The Deer Lick Group & Stephan's Quintet in Pegasus The Deer Lick Group & Stephan's Quintet in Pegasus ©2015 Frederick Steiling
Target Information
Main Target Designations NGC7331/C30, NGC7317, NGC7318, NGC7319, NGC7320
RA Center 22h 36m 59.515s
DEC Center +34° 13' 55.01"
Rotation 90.755°
Additional Images
Published image Full resolution
Annotated image Pop up preview
Full resolution
Exposures
LRGB 460’/180'/185'/190'
L subframes 1200" @ 1x1
R/G/B subframes 600" @ 1x1
300" @ 2x2
Total Integration 16hrs 55min
Date(s) of acquisition 13Sep2015, 15Sep2015, 16Sep2015, 14Oct2015
Locations Whiteside, MO
Equipment
Imager SBIG STF-8300M
Telescope/Lens Orion 8" f/3.9 Astrograph
Mount Celestron CGEM
Guiding Apparatus OAG-8300
Guiding Camera QHY5L-II
Filter Wheel FW5-8300
Wide Filters Astronomik LRGB
Narrow Filters Astronomik 12nm Hα
Accessories
Coma Corrector Baader MPCC Mark III
Collimator Orion LaserMate
Focusing Bahtinov mask
Software
Acquisition Sequence Generator Pro
Guiding PHD2
Processing PixInsight 1.8

This image presentation was last processed on 2017Feb11
The original version can be found here.


In a double display of cosmic playfulness, here we see one of the busier galactic areas in our sky, complete with a psuedo-Milky-Way twin and an interacting 4-galaxy group with an impostor.

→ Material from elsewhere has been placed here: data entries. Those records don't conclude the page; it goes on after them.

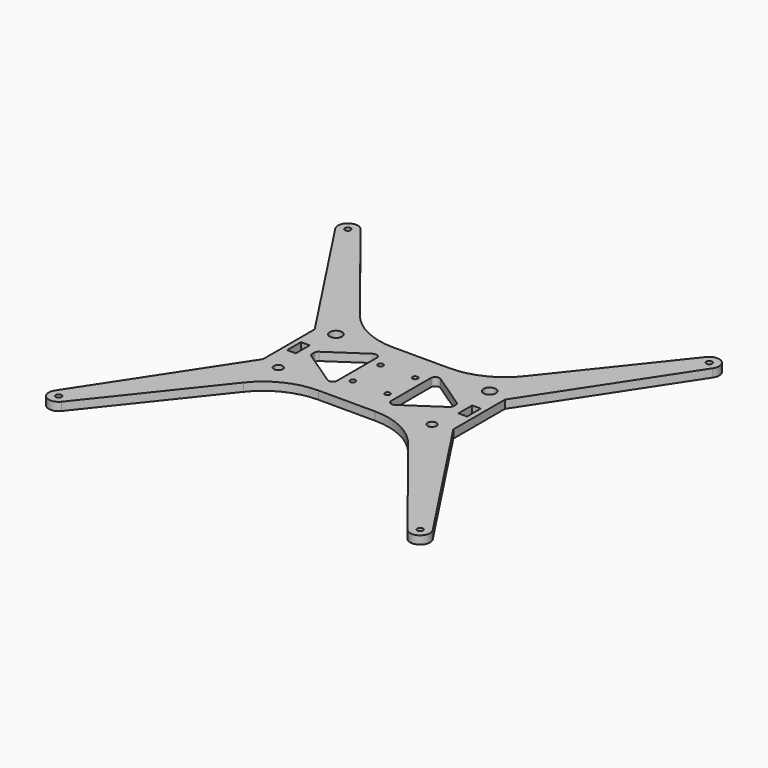
from build123d import *

# Parameters (mm, degrees)
F0_R     = 1.65
F0_R_2   = 2.55
F0_W     = 5
F0_H     = 10
F0_R_3   = 1.5
F0_R_4   = 3.555
F1_DEPTH = 4.75


# Not quite as in the source:
# - ends of sketch curves that miss each other by under 0.0002 mm in the source are joined


with BuildPart() as f1:
    # F0 (on Top) → F1 (new body)
    with BuildSketch(Plane.XY):
        with BuildLine():
            Line((-47.640397, 42.115595), (-100.031737, 108.050449))
            ThreePointArc((-100.031737, 108.050449), (-107.8442155419, 109.1246397394), (-109.2715048598, 101.368896092))
            Line((-109.2715048598, 101.368896092), (-54.999977, 18.664241))
            Line((-54.999977, 18.664241), (-54.999977, -18.664242))
            Line((-54.999977, -18.664242), (-109.271505, -101.368897))
            ThreePointArc((-109.271505, -101.368897), (-107.8441644553, -109.1246766812), (-100.031658534, -108.0503513703))
            Line((-100.031658534, -108.0503513703), (-47.643302, -42.116283))
            ThreePointArc((-47.643302, -42.116283), (-33.7130803066, -30.9767526972), (-16.325566, -27))
            Line((-16.325566, -27), (16.325565, -27))
            ThreePointArc((16.325565, -27), (33.7130793066, -30.9767526972), (47.6433013924, -42.1162826882))
            Line((47.6433013924, -42.1162826882), (100.031658, -108.050351))
            ThreePointArc((100.031658, -108.050351), (107.8441644255, -109.1246767027), (109.2715050175, -101.3688963323))
            Line((109.2715050175, -101.3688963323), (54.999976, -18.664242))
            Line((54.999976, -18.664242), (54.999976, 18.664241))
            Line((54.999976, 18.664241), (109.271504, 101.368896))
            ThreePointArc((109.271504, 101.368896), (107.8442155121, 109.1246397609), (100.0317360662, 108.0504489474))
            Line((100.0317360662, 108.0504489474), (47.640396, 42.115595))
            ThreePointArc((47.640396, 42.115595), (33.7103248028, 30.9765618002), (16.323206, 27))
            Line((16.323206, 27), (-16.323206, 27))
            ThreePointArc((-16.323206, 27), (-33.710325083, 30.9765619354), (-47.640397, 42.115595))
        make_face()
        with Locations((-104.5, -104.5)):
            Circle(F0_R, mode=Mode.SUBTRACT)
        with Locations((-44.444977, -20.807752)):
            Circle(F0_R_2, mode=Mode.SUBTRACT)
        with Locations((-49.499977, 0)):
            Rectangle(F0_W, F0_H, mode=Mode.SUBTRACT)
        with BuildLine():
            Line((-19.581953, -16.373154), (-39.803759, -2.743263))
            ThreePointArc((-39.803759, -2.743263), (-40.6136447533, -1.8442487652), (-40.906473, -0.670199))
            Line((-40.906473, -0.670199), (-40.906473, 0.670176))
            ThreePointArc((-40.906473, 0.670176), (-40.6136450793, 1.8442251525), (-39.8037598701, 2.7432388072))
            Line((-39.8037598701, 2.7432388072), (-19.581955, 16.373149))
            ThreePointArc((-19.581955, 16.373149), (-17.0106188475, 16.5072580793), (-15.684668, 14.300086))
            Line((-15.684668, 14.300086), (-15.684668, -14.30009))
            ThreePointArc((-15.684668, -14.30009), (-17.0106178687, -16.5072615586), (-19.581953, -16.373154))
        make_face(mode=Mode.SUBTRACT)
        with Locations((-10, -10)):
            Circle(F0_R_3, mode=Mode.SUBTRACT)
        with Locations((104.5, -104.5)):
            Circle(F0_R, mode=Mode.SUBTRACT)
        with Locations((10, -10)):
            Circle(F0_R_3, mode=Mode.SUBTRACT)
        with Locations((44.444976, -20.807752)):
            Circle(F0_R_2, mode=Mode.SUBTRACT)
        with BuildLine():
            Line((19.581954, 16.373149), (39.803759, 2.743239))
            ThreePointArc((39.803759, 2.743239), (40.6136440793, 1.8442251525), (40.906472, 0.670176))
            Line((40.906472, 0.670176), (40.906472, -0.670199))
            ThreePointArc((40.906472, -0.670199), (40.6136437533, -1.8442487652), (39.803757719, -2.7432625831))
            Line((39.803757719, -2.7432625831), (19.581952, -16.373154))
            ThreePointArc((19.581952, -16.373154), (17.0106168687, -16.5072615586), (15.684667, -14.30009))
            Line((15.684667, -14.30009), (15.684667, 14.300086))
            ThreePointArc((15.684667, 14.300086), (17.0106178475, 16.5072580793), (19.581954, 16.373149))
        make_face(mode=Mode.SUBTRACT)
        with Locations((49.499976, 0)):
            Rectangle(F0_W, F0_H, mode=Mode.SUBTRACT)
        with Locations((-44.444977, 20.810818)):
            Circle(F0_R_4, mode=Mode.SUBTRACT)
        with Locations((-10, 10)):
            Circle(F0_R_3, mode=Mode.SUBTRACT)
        with Locations((-104.5, 104.5)):
            Circle(F0_R, mode=Mode.SUBTRACT)
        with Locations((10, 10)):
            Circle(F0_R_3, mode=Mode.SUBTRACT)
        with Locations((44.444976, 20.810818)):
            Circle(F0_R_4, mode=Mode.SUBTRACT)
        with Locations((104.5, 104.5)):
            Circle(F0_R, mode=Mode.SUBTRACT)
    extrude(amount=F1_DEPTH)


solid = f1.part

On the right of the frame, the dominant NGC7331 shows its spiral form splendidly at a distance from us of about 45 million light years.  The frisbee-like inclination of the disc graces us with a deep look at one of the competing forms to which some liken our own Milky Way.  The main galaxy of the "Deer Lick" group, NGC7331 appears to show a humorous spattering of galactic "fleas" hopping off of it.  These spiral creatures are small only due to added distance, coming in at roughly 10 times the distance of their largest apparent neighbor, a staggering 400-500 million light years away.  Their flea-like appearance, however, has no correlation to the animal-based name of the group, but rather draws its brand from the location amateur astronomer Tomm Lorenzin experienced a magnificent view of it, the Deer Lick Gap in North Carolina.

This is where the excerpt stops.